Generated content and attachments in Antora projects

How to handle attachments and generated content in an Antora project, and whether to commit it to Git or not.

This is part of a decision guide for technical writing environments with Antora and the AsciiDoc plugin for IntelliJ. See the page Decisions around Antora for prerequisites and other decisions.

Why committing attachments and generated content can become a problem

A standard Antora setup reads content only from Git repositories where the content has been committed.

At the same time, committing generated content to a Git repository will bloat the size of the repository, and will a lot of entries to the Git commit history of that repository. This is even more problematic for attachments, which are bigger in their size.

Whenever Antora generates the site, or technical writers clone the repository, all the data in the repository is transferred, which wastes both time and resources.

Overview for different options

Handling generated Antora content

This section describes a scenario when the generated content should be processed by Antora like any other manually written pages. In a similar way, this would also work for images and attachments.

This is different from, for example, generated JavaDocs, which won’t be processed with Antora. This is covered in the next section.

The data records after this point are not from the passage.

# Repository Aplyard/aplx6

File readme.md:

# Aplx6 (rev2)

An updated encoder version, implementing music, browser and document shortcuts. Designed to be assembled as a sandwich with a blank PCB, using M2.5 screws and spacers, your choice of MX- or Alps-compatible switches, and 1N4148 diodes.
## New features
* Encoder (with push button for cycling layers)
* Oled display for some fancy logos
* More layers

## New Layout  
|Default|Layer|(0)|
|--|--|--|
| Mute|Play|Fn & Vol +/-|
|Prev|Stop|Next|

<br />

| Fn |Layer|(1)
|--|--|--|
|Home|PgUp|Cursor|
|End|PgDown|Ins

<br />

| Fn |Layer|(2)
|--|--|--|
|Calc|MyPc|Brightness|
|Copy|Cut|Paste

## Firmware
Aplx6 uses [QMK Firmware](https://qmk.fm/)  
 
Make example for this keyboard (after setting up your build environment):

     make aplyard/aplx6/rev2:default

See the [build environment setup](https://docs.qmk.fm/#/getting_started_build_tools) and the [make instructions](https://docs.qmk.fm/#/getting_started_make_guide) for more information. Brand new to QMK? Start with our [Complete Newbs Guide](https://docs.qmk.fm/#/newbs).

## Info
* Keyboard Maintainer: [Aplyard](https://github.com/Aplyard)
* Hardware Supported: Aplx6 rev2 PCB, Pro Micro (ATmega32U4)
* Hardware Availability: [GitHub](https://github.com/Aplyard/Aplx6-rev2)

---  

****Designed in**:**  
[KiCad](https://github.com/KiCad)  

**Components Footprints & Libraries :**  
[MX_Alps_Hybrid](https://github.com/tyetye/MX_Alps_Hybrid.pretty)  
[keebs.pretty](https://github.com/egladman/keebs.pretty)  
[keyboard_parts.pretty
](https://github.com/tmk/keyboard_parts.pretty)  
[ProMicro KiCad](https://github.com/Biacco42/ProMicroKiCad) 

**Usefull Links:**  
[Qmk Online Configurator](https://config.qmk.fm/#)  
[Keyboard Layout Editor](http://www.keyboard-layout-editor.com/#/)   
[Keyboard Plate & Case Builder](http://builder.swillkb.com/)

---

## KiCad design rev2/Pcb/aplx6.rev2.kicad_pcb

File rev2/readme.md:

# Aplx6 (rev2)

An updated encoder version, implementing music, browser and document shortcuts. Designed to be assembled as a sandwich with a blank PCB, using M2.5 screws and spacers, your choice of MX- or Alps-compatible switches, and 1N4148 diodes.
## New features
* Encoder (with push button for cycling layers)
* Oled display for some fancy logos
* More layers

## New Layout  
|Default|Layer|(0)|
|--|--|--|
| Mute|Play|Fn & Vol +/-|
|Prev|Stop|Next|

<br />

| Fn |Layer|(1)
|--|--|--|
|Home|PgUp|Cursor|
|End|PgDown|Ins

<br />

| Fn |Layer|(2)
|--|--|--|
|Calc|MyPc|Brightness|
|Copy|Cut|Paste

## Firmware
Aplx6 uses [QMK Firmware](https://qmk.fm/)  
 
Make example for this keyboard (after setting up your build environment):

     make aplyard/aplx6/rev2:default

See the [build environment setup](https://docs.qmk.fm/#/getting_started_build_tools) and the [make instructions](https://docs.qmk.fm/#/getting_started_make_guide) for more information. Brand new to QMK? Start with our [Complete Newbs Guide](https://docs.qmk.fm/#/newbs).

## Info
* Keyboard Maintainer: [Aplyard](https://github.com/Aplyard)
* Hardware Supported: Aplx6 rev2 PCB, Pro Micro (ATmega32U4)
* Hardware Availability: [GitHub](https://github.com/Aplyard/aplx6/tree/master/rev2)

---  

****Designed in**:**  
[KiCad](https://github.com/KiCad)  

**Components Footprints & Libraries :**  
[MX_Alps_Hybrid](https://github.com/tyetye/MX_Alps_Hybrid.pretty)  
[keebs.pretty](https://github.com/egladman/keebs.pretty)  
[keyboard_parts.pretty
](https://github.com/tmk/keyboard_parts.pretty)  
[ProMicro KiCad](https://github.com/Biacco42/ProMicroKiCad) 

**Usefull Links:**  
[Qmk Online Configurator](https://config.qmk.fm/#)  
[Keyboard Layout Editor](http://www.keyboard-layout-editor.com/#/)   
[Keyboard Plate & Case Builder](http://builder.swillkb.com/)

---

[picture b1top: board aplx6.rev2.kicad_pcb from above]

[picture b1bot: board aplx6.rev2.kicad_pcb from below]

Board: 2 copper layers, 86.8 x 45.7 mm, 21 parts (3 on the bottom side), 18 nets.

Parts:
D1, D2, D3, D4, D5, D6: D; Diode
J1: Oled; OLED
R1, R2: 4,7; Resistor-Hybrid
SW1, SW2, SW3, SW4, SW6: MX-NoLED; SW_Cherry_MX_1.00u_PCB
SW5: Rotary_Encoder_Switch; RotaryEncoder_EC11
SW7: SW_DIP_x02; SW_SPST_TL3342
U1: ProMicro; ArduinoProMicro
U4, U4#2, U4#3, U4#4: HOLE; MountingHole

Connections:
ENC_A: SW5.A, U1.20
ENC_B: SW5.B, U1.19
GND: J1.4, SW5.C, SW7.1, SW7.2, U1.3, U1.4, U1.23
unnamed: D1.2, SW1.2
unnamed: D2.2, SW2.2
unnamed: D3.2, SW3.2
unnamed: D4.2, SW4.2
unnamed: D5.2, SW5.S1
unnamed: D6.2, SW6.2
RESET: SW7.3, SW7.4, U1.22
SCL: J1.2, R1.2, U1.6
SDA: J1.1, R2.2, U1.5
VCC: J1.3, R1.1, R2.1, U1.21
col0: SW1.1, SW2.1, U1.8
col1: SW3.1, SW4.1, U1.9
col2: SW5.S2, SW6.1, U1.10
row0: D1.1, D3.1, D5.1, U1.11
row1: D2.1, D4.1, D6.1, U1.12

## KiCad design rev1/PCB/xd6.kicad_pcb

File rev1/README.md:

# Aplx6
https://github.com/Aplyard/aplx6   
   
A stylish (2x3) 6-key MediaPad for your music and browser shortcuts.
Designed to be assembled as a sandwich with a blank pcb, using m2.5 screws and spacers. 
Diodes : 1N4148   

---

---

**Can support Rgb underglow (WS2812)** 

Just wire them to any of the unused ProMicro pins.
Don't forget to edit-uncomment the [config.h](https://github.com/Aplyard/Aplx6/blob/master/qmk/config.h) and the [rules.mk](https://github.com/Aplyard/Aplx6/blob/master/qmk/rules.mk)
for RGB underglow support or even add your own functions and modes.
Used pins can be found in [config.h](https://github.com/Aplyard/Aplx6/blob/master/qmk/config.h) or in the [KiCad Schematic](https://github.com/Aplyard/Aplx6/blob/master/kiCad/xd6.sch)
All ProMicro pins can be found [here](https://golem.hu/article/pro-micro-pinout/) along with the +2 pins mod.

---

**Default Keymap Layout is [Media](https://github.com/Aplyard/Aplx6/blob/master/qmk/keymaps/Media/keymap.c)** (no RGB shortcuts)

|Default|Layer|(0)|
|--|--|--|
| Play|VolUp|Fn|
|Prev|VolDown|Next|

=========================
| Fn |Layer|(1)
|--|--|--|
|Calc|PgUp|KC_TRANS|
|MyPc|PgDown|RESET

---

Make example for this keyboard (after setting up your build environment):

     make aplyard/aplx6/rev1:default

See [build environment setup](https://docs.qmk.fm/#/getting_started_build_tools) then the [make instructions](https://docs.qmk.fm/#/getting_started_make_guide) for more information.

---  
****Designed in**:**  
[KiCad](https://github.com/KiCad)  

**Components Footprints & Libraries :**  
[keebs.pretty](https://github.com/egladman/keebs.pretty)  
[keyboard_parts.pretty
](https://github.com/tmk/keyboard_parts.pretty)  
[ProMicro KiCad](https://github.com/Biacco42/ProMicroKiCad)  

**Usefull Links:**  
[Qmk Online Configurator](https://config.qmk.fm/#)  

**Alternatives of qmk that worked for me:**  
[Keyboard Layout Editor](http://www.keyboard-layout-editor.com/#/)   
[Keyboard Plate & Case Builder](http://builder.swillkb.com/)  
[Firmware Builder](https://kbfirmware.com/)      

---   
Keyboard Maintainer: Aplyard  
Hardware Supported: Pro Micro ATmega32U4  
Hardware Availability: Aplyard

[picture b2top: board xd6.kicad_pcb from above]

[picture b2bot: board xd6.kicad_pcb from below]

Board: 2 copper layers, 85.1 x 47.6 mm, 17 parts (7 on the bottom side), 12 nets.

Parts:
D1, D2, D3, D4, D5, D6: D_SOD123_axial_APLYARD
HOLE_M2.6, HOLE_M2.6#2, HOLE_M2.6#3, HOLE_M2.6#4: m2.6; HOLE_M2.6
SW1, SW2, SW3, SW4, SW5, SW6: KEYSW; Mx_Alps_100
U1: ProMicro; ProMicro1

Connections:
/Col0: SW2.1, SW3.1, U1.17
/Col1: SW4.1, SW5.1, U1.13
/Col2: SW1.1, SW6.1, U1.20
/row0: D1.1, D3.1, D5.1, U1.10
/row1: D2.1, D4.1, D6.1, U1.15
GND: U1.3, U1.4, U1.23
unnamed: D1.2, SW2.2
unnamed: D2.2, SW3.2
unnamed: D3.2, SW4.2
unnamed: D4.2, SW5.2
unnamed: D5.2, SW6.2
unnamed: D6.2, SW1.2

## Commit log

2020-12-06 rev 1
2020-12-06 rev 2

Committing generated Antora content in the content repository

When committing the content to the regular repository, this makes it simpler for technical writers to reference the content as they need to check out only a single repository.

When this content changes frequently, this leads to a cluttered Git history of the repository.

Therefore, this option should be chosen only if the generated content is small and doesn’t change frequently. Usually, committing it to a separate repository has advantages, see the section Handling generated non-Antora content for details.

Committing generated Antora content to a separate repository

When committing generated content to a separate repository, this can could have the following advantages:

  • Technical writers don’t need to check out the latest changes from the generated content when creating their content.

    This has the assumption that the writer’s content doesn’t link too much with the generated content.

  • The size of the content repository doesn’t grow with the generated content.

  • The repository with the generated content can squash the commits to reduce the size when needed.

    When doing so, and technical writers eventually check out the content repository, they would need specific instructions how to handle a repository where contents are regularly squashed/force-pushed. The command for this is usually git pull --rebase which would ignore any local changes.

Even if the content is in a separate repository, it can still be in the same component as the manually created content, as Antora supports distributed component versions: Both repositories would have in their branches an antora.yml file with the same name and version. At build time, Antora will merge the contents. A page with manually written content can then for example include a generated partial.

It might still be helpful for the writer to check out both content repositories in one parent folder as described on the page Using Antora with IntelliJ to have working cross-references between manually created and generated content. Once both repositories have been checked out, generated images show in the preview of the manually created content and attachments can be linked and cross-references can be set.

Capture content using Antora collector

There is the Antora Collector Extension which allows content that is not checked into a Git repository to be used as a source for an Antora generated site. It is currently an early alpha version, it its behavior will change over time as it matures.

The Antora Collector Extension can generate content on the fly during the build-process of the site. The script is run once per component that has the extension configured in its descriptor.

If the content can’t be generated fast enough to ensure the fast rebuilt of the site, consider the collector as a small wrapper which downloads and unpacks an archive from an artifact repository. That archive can be re-built independently and as needed. This helps the process, especially in scenarios if the generated content is rather static.

See Antora Collector Extension on which features are currently supported by the plugin and how to use it.

Handling generated non-Antora content

This describes how to add content to an Antora site which doesn’t need to be processed by Antora, such as JavaDoc contents or other API docs.

This contents will not have the header, footer and navigation outline that would be present on all Antora pages as it is not processed by Antora.

Adding the content after the Antora run

Antora creates its contents in folder specified in the Antora playbook as the ui.output_dir property. Once the Antora run is complete, add the folders with their contents to the folder.

The following setup helps technical writers by providing working links to the API docs in all environments.

  1. Reference the API folder in the Antora content with an attribute:

    This the link:{apidocs}[link to the API docs].
  2. To make it work for the production build, define the attribute in the Antora site playbook with and absolute path /path/to/apidocs.

  3. To make it work for the author’s build preview, define the attribute in the Antora author’s playbook the full URL like so an author can click on it in the locally built site.

  4. To make it work in the IDE’s preview, define in an .asciidoctorconfig file in the content repository the full URL like so an author can click on it in the preview to navigate to the final site.

    See Provide hints for the preview with .asciidoctorconfig for details on how to do this.

Options that don’t work yet

Using Git’s Large File System (LFS)

At the moment, Antora doesn’t support Git Large File System (LFS for short). There is an open GitLab issue antora/antora#185 that tracks the state of this feature.

Once this has been implemented, cloning the site for building or for technical writers wouldn’t need to download all attachments and images. Instead, they would be downloaded “as needed”. While this might work good for images, this might still not be a good solution for large files.